The march became, of course, you know – as gay people got more and more socially acceptable, it became convenient for the corporations to put in these big floats. Sometimes, as I saw at San Francisco… we kept seeing these floats that were put on by breweries. You get these hunky guys dressed in nothing but a pair of—a dog strap practically—and dancing around blasting music… And these corporations will donate huge amounts of money to right-wing organizations at the same time as having a float at the Gay Pride March saying how wonderful they are and how they nicely they treat their employees. I am sure you’re very well aware of what Wells Fargo does. You know, it’s a criminal enterprise essentially. But you know, rah, rah, rah, they have a float at the gay pride parade. I find the whole thing completely disgusting.

This past summer, I went to New York….It was the fiftieth anniversary [of Stonewall] and so I participated in, you know, made speeches, got interviewed by the press. We had a Gay Liberation Front reunion. And I was one of the speakers at the rally before the Gay Pride March. The one that was, you know, essentially corporate sponsored.

But when I participated in the march, I went with Reclaim Pride.

So you spoke at the Heritage of Pride parade and then you went and you marched with Reclaim Pride, the new anti-corporate organization?

Right.Well I was asked by Gay Liberation Front to be the spokesperson at the, you know, the main march.

What did you focus on in that speech?

I talked about the Gay Liberation Front and the movement, how we started, and that we started as a small group of raggedy-ass poor kids. We had no funds. We just had our passion…. And then I said that, for me, the big issues of the day are twofold: One, climate change; two, the vast income inequality, which we talked about a little bit back then, but we had no idea how bad it was going to get. And then if we don’t deal with climate change, our gay rights aren’t going to be worth anything because we’ll be toast. Literally, we’ll be burnt up. And if we don’t deal with income inequality, our rights aren’t going to be worth anything either. Because what good are your rights if you have to work three jobs and still can barely make the rent?

You’re a serf, you’re nothing…

You were involved in the movement even before Stonewall.

Right.

There were events known as the Annual Reminders, which were kind of similar to the marches, right?

Okay, the Annual Reminder was something that happened in Philadelphia. They were the old-time gay movement people. So Mattachine, DOB [Daughters of Bilitis], and so on. They had this little march down at Independence Hall, and we all had to get dressed up. The girls had to wear skirts and the boys had to wear suits with ties. And we’d walk around with these printed signs [that said] equal rights for homosexuals, and that sort of thing. … I went to exactly one of those and that was the year before Stonewall. It always happened on July 4. And I felt like a complete idiot. I never dressed like that, because I had to [dress like that to] go to work and I hated it… And then we marched around and then there would be tourists coming to Independence Hall, standing there and looking at us. I remember this one kid, staring at us, a big kid, teenager, licking his ice cream cone and looking at us like they were staring at some exhibit at a zoo. So I really, really, hated that. I don’t know if it made any difference whatsoever to anybody in terms of changing, you know, the culture.

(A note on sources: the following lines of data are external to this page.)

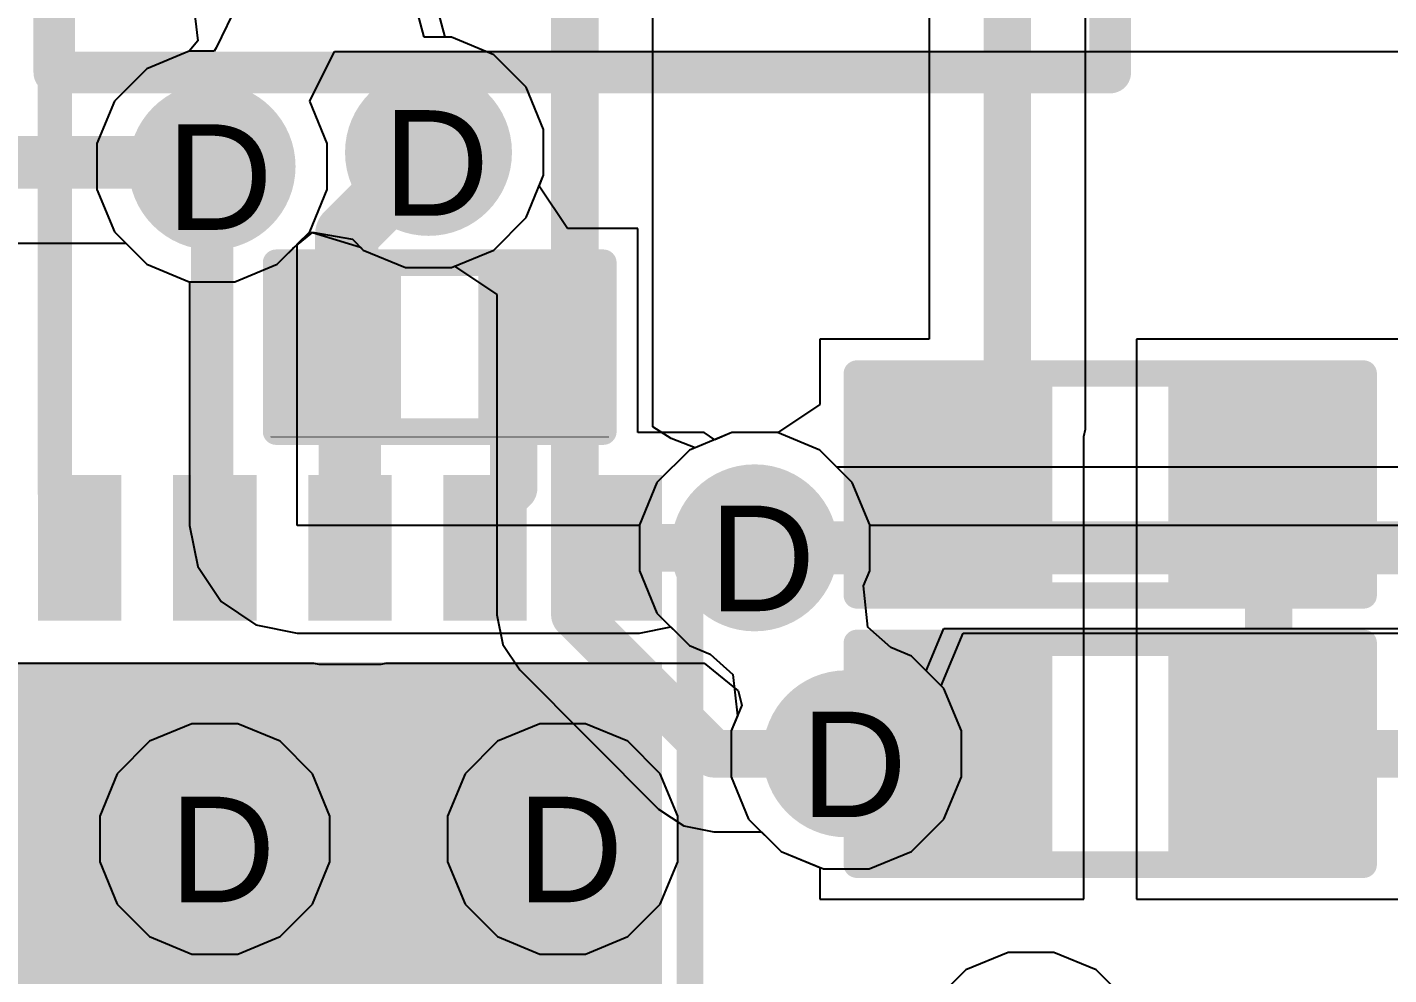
# Model space of a CAD drawing. Header units: inches. Extents: x 0 to 5401, y 0 to 5414.
# Drawn here: x 53.64 to 60.19, y 90.24 to 94.8 of the extents above; entities that cross this region are included whole.
import ezdxf

# ---------------------------------------------------------------- set-up
doc = ezdxf.new("R2010")
doc.units = ezdxf.units.IN
for name, color, linetype in [('Bottom Layer', 5, 'Continuous'), ('Bottom Solder', 6, 'Continuous'), ('Drill Drawing', 1, 'Continuous'), ('Layer 1', 16, 'Continuous'), ('Layer 2', 76, 'Continuous'), ('Multi-Layer', 9, 'Continuous'), ('Pad Holes', 156, 'Continuous'), ('Top Layer', 1, 'Continuous'), ('Top Overlay', 2, 'Continuous'), ('Top Paste', 8, 'Continuous'), ('Top Solder', 216, 'Continuous'), ('Via Holes', 16, 'Continuous')]:
    doc.layers.add(name, color=color, linetype=linetype)
doc.styles.add('Arial', font='', dxfattribs={"height": 0.2})
doc.styles.get('Arial').set_extended_font_data('Arial')

# ---------------------------------------------------------------- blocks, each defined once
blk = doc.blocks.new('VSON_14_3_4_5__30')
at = {"layer": 'Top Layer'}
for points in [[(-1.1, 2.1), (-1.1, 1.8), (-1.7, 1.8), (-1.7, 2.1)], [(0.8, 2.1), (0.8, -2.1), (-0.8, -2.1), (-0.8, 2.1)], [(1.7, 2.1), (1.7, 1.8), (1.1, 1.8), (1.1, 2.1)], [(-1.1, 1.45), (-1.1, 1.15), (-1.7, 1.15), (-1.7, 1.45)], [(1.7, 1.45), (1.7, 1.15), (1.1, 1.15), (1.1, 1.45)], [(-1.1, 0.8), (-1.1, 0.5), (-1.7, 0.5), (-1.7, 0.8)], [(1.7, 0.8), (1.7, 0.5), (1.1, 0.5), (1.1, 0.8)], [(-1.1, 0.15), (-1.1, -0.15), (-1.7, -0.15), (-1.7, 0.15)], [(1.7, 0.15), (1.7, -0.15), (1.1, -0.15), (1.1, 0.15)], [(-1.1, -0.5), (-1.1, -0.8), (-1.7, -0.8), (-1.7, -0.5)], [(1.7, -0.5), (1.7, -0.8), (1.1, -0.8), (1.1, -0.5)], [(-1.1, -1.15), (-1.1, -1.45), (-1.7, -1.45), (-1.7, -1.15)], [(1.7, -1.15), (1.7, -1.45), (1.1, -1.45), (1.1, -1.15)], [(-1.1, -1.8), (-1.1, -2.1), (-1.7, -2.1), (-1.7, -1.8)], [(1.7, -1.8), (1.7, -2.1), (1.1, -2.1), (1.1, -1.8)]]:
    blk.add_hatch(color=1, dxfattribs=at).paths.add_polyline_path(points)
at = {"layer": 'Top Solder'}
for points in [[(-1.0492, 2.1508), (-1.0492, 1.7492), (-1.7508, 1.7492), (-1.7508, 2.1508)], [(0.8508, 2.1508), (0.8508, -2.1508), (-0.8508, -2.1508), (-0.8508, 2.1508)], [(1.7508, 2.1508), (1.7508, 1.7492), (1.0492, 1.7492), (1.0492, 2.1508)], [(-1.0492, 1.5008), (-1.0492, 1.0992), (-1.7508, 1.0992), (-1.7508, 1.5008)], [(1.7508, 1.5008), (1.7508, 1.0992), (1.0492, 1.0992), (1.0492, 1.5008)], [(-1.0492, 0.8508), (-1.0492, 0.4492), (-1.7508, 0.4492), (-1.7508, 0.8508)], [(1.7508, 0.8508), (1.7508, 0.4492), (1.0492, 0.4492), (1.0492, 0.8508)], [(-1.0492, 0.2008), (-1.0492, -0.2008), (-1.7508, -0.2008), (-1.7508, 0.2008)], [(1.7508, 0.2008), (1.7508, -0.2008), (1.0492, -0.2008), (1.0492, 0.2008)], [(-1.0492, -0.4492), (-1.0492, -0.8508), (-1.7508, -0.8508), (-1.7508, -0.4492)], [(1.7508, -0.4492), (1.7508, -0.8508), (1.0492, -0.8508), (1.0492, -0.4492)], [(-1.0492, -1.0992), (-1.0492, -1.5008), (-1.7508, -1.5008), (-1.7508, -1.0992)], [(1.7508, -1.0992), (1.7508, -1.5008), (1.0492, -1.5008), (1.0492, -1.0992)], [(-1.0492, -1.7492), (-1.0492, -2.1508), (-1.7508, -2.1508), (-1.7508, -1.7492)], [(1.7508, -1.7492), (1.7508, -2.1508), (1.0492, -2.1508), (1.0492, -1.7492)]]:
    blk.add_hatch(color=216, dxfattribs=at).paths.add_polyline_path(points)
at = {"layer": 'Top Overlay'}
for points in [[(-1.4986, 2.286, 0.127, 0.127, 0), (1.4732, 2.286, 0.127, 0.127, 0)], [(-1.9736, 2.0673, 0.127, 0.127, 0), (-1.8466, 1.9403, 0.127, 0.127, 0)], [(-1.9736, 2.0673, 0.127, 0.127, 0), (-1.9736, 1.8133, 0.127, 0.127, 0)], [(-1.8466, 1.9403, 0.127, 0.127, 0), (-1.9736, 1.8133, 0.127, 0.127, 0)], [(-1.4986, -2.286, 0.127, 0.127, 0), (1.4732, -2.286, 0.127, 0.127, 0)]]:
    blk.add_lwpolyline(points, format="xyseb", dxfattribs=at)
for points in [[(-1.5304, 2.286, 0.0635, 0.0635, 1), (-1.4668, 2.286, 0.0635, 0.0635, 1)], [(1.4414, 2.286, 0.0635, 0.0635, 1), (1.505, 2.286, 0.0635, 0.0635, 1)], [(-2.0053, 2.0673, 0.0635, 0.0635, 1), (-1.9418, 2.0673, 0.0635, 0.0635, 1)], [(-2.0053, 2.0673, 0.0635, 0.0635, 1), (-1.9418, 2.0673, 0.0635, 0.0635, 1)], [(-1.8783, 1.9403, 0.0635, 0.0635, 1), (-1.8148, 1.9403, 0.0635, 0.0635, 1)], [(-1.8783, 1.9403, 0.0635, 0.0635, 1), (-1.8148, 1.9403, 0.0635, 0.0635, 1)], [(-2.0053, 1.8133, 0.0635, 0.0635, 1), (-1.9418, 1.8133, 0.0635, 0.0635, 1)], [(-2.0053, 1.8133, 0.0635, 0.0635, 1), (-1.9418, 1.8133, 0.0635, 0.0635, 1)], [(-1.5304, -2.286, 0.0635, 0.0635, 1), (-1.4668, -2.286, 0.0635, 0.0635, 1)], [(1.4414, -2.286, 0.0635, 0.0635, 1), (1.505, -2.286, 0.0635, 0.0635, 1)]]:
    blk.add_lwpolyline(points, format="xyseb", close=True, dxfattribs=at)
blk = doc.blocks.new('R___0603_125')
at = {"layer": 'Top Layer'}
for points in [[(-0.381, 0.4445), (-0.381, -0.4445), (-1.143, -0.4445), (-1.143, 0.4445)], [(1.143, 0.4445), (1.143, -0.4445), (0.381, -0.4445), (0.381, 0.4445)]]:
    blk.add_hatch(color=1, dxfattribs=at).paths.add_polyline_path(points)
at = {"layer": 'Top Paste'}
for points in [[(-0.381, 0.4445), (-0.381, -0.4445), (-1.143, -0.4445), (-1.143, 0.4445)], [(1.143, 0.4445), (1.143, -0.4445), (0.381, -0.4445), (0.381, 0.4445)]]:
    blk.add_hatch(color=8, dxfattribs=at).paths.add_polyline_path(points)
at = {"layer": 'Top Solder'}
for points in [[(-0.2794, 0.5461), (-0.2794, -0.5461), (-1.2446, -0.5461), (-1.2446, 0.5461)], [(1.2446, 0.5461), (1.2446, -0.5461), (0.2794, -0.5461), (0.2794, 0.5461)]]:
    blk.add_hatch(color=216, dxfattribs=at).paths.add_polyline_path(points)
at = {"layer": 'Top Overlay'}
for points in [[(1.2192, 0.5334, 0.127, 0.127, 0), (-1.2192, 0.5334, 0.127, 0.127, 0)], [(-1.2192, 0.5334, 0.127, 0.127, 0), (-1.2192, -0.5334, 0.127, 0.127, 0)], [(1.2192, 0.5334, 0.127, 0.127, 0), (1.2192, -0.5334, 0.127, 0.127, 0)], [(1.2192, -0.5334, 0.127, 0.127, 0), (-1.2192, -0.5334, 0.127, 0.127, 0)]]:
    blk.add_lwpolyline(points, format="xyseb", dxfattribs=at)
for points in [[(-1.25095, 0.5334, 0.0635, 0.0635, 1), (-1.18745, 0.5334, 0.0635, 0.0635, 1)], [(-1.25095, 0.5334, 0.0635, 0.0635, 1), (-1.18745, 0.5334, 0.0635, 0.0635, 1)], [(1.18745, 0.5334, 0.0635, 0.0635, 1), (1.25095, 0.5334, 0.0635, 0.0635, 1)], [(1.18745, 0.5334, 0.0635, 0.0635, 1), (1.25095, 0.5334, 0.0635, 0.0635, 1)], [(-1.25095, -0.5334, 0.0635, 0.0635, 1), (-1.18745, -0.5334, 0.0635, 0.0635, 1)], [(-1.25095, -0.5334, 0.0635, 0.0635, 1), (-1.18745, -0.5334, 0.0635, 0.0635, 1)], [(1.18745, -0.5334, 0.0635, 0.0635, 1), (1.25095, -0.5334, 0.0635, 0.0635, 1)], [(1.18745, -0.5334, 0.0635, 0.0635, 1), (1.25095, -0.5334, 0.0635, 0.0635, 1)]]:
    blk.add_lwpolyline(points, format="xyseb", close=True, dxfattribs=at)
blk = doc.blocks.new('R___0603_126')
at = {"layer": 'Top Layer'}
for points in [[(-0.381, 0.4445), (-0.381, -0.4445), (-1.143, -0.4445), (-1.143, 0.4445)], [(1.143, 0.4445), (1.143, -0.4445), (0.381, -0.4445), (0.381, 0.4445)]]:
    blk.add_hatch(color=1, dxfattribs=at).paths.add_polyline_path(points)
at = {"layer": 'Top Paste'}
for points in [[(-0.381, 0.4445), (-0.381, -0.4445), (-1.143, -0.4445), (-1.143, 0.4445)], [(1.143, 0.4445), (1.143, -0.4445), (0.381, -0.4445), (0.381, 0.4445)]]:
    blk.add_hatch(color=8, dxfattribs=at).paths.add_polyline_path(points)
at = {"layer": 'Top Solder'}
for points in [[(-0.2794, 0.5461), (-0.2794, -0.5461), (-1.2446, -0.5461), (-1.2446, 0.5461)], [(1.2446, 0.5461), (1.2446, -0.5461), (0.2794, -0.5461), (0.2794, 0.5461)]]:
    blk.add_hatch(color=216, dxfattribs=at).paths.add_polyline_path(points)
at = {"layer": 'Top Overlay'}
for points in [[(-1.2192, 0.5334, 0.127, 0.127, 0), (1.2192, 0.5334, 0.127, 0.127, 0)], [(-1.2192, -0.5334, 0.127, 0.127, 0), (-1.2192, 0.5334, 0.127, 0.127, 0)], [(1.2192, -0.5334, 0.127, 0.127, 0), (1.2192, 0.5334, 0.127, 0.127, 0)], [(-1.2192, -0.5334, 0.127, 0.127, 0), (1.2192, -0.5334, 0.127, 0.127, 0)]]:
    blk.add_lwpolyline(points, format="xyseb", dxfattribs=at)
for points in [[(-1.25095, 0.5334, 0.0635, 0.0635, 1), (-1.18745, 0.5334, 0.0635, 0.0635, 1)], [(-1.25095, 0.5334, 0.0635, 0.0635, 1), (-1.18745, 0.5334, 0.0635, 0.0635, 1)], [(1.18745, 0.5334, 0.0635, 0.0635, 1), (1.25095, 0.5334, 0.0635, 0.0635, 1)], [(1.18745, 0.5334, 0.0635, 0.0635, 1), (1.25095, 0.5334, 0.0635, 0.0635, 1)], [(-1.25095, -0.5334, 0.0635, 0.0635, 1), (-1.18745, -0.5334, 0.0635, 0.0635, 1)], [(-1.25095, -0.5334, 0.0635, 0.0635, 1), (-1.18745, -0.5334, 0.0635, 0.0635, 1)], [(1.18745, -0.5334, 0.0635, 0.0635, 1), (1.25095, -0.5334, 0.0635, 0.0635, 1)], [(1.18745, -0.5334, 0.0635, 0.0635, 1), (1.25095, -0.5334, 0.0635, 0.0635, 1)]]:
    blk.add_lwpolyline(points, format="xyseb", close=True, dxfattribs=at)
blk = doc.blocks.new('R___0402_133')
at = {"layer": 'Top Layer'}
for points in [[(-0.6985, -0.3175), (-0.6985, 0.3175), (-0.2413, 0.3175), (-0.2413, -0.3175)], [(0.2413, -0.3175), (0.2413, 0.3175), (0.6985, 0.3175), (0.6985, -0.3175)]]:
    blk.add_hatch(color=1, dxfattribs=at).paths.add_polyline_path(points)
at = {"layer": 'Top Paste'}
for points in [[(-0.6985, -0.3175), (-0.6985, 0.3175), (-0.2413, 0.3175), (-0.2413, -0.3175)], [(0.2413, -0.3175), (0.2413, 0.3175), (0.6985, 0.3175), (0.6985, -0.3175)]]:
    blk.add_hatch(color=8, dxfattribs=at).paths.add_polyline_path(points)
at = {"layer": 'Top Solder'}
for points in [[(-0.7535, -0.3725), (-0.7535, 0.3725), (-0.1863, 0.3725), (-0.1863, -0.3725)], [(0.1863, -0.3725), (0.1863, 0.3725), (0.7535, 0.3725), (0.7535, -0.3725)]]:
    blk.add_hatch(color=216, dxfattribs=at).paths.add_polyline_path(points)
at = {"layer": 'Top Overlay'}
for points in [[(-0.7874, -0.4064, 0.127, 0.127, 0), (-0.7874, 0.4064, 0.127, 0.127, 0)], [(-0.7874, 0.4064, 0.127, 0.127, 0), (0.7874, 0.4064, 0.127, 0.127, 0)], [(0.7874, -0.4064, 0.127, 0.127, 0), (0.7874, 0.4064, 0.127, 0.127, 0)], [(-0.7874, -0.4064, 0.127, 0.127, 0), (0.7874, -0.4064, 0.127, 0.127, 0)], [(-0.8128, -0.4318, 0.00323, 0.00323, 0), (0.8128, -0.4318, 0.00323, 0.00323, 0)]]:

When you had this march with the Gay Liberation Front, was it really the first of the sort? What did that first march feel like with the Gay Liberation Front?

That 400-people march… I knew I was going to speak, I prepared that, and you know, I organized the thing. And I was somewhat scared too, because I know what happened to Martin Luther King.

So, I was afraid that you know, somebody would shoot me. Things like that could happen. Well when I got there, I wasn’t afraid anymore. I was just—I can’t explain how much I was on fire! And the same thing happened with other marches, other events…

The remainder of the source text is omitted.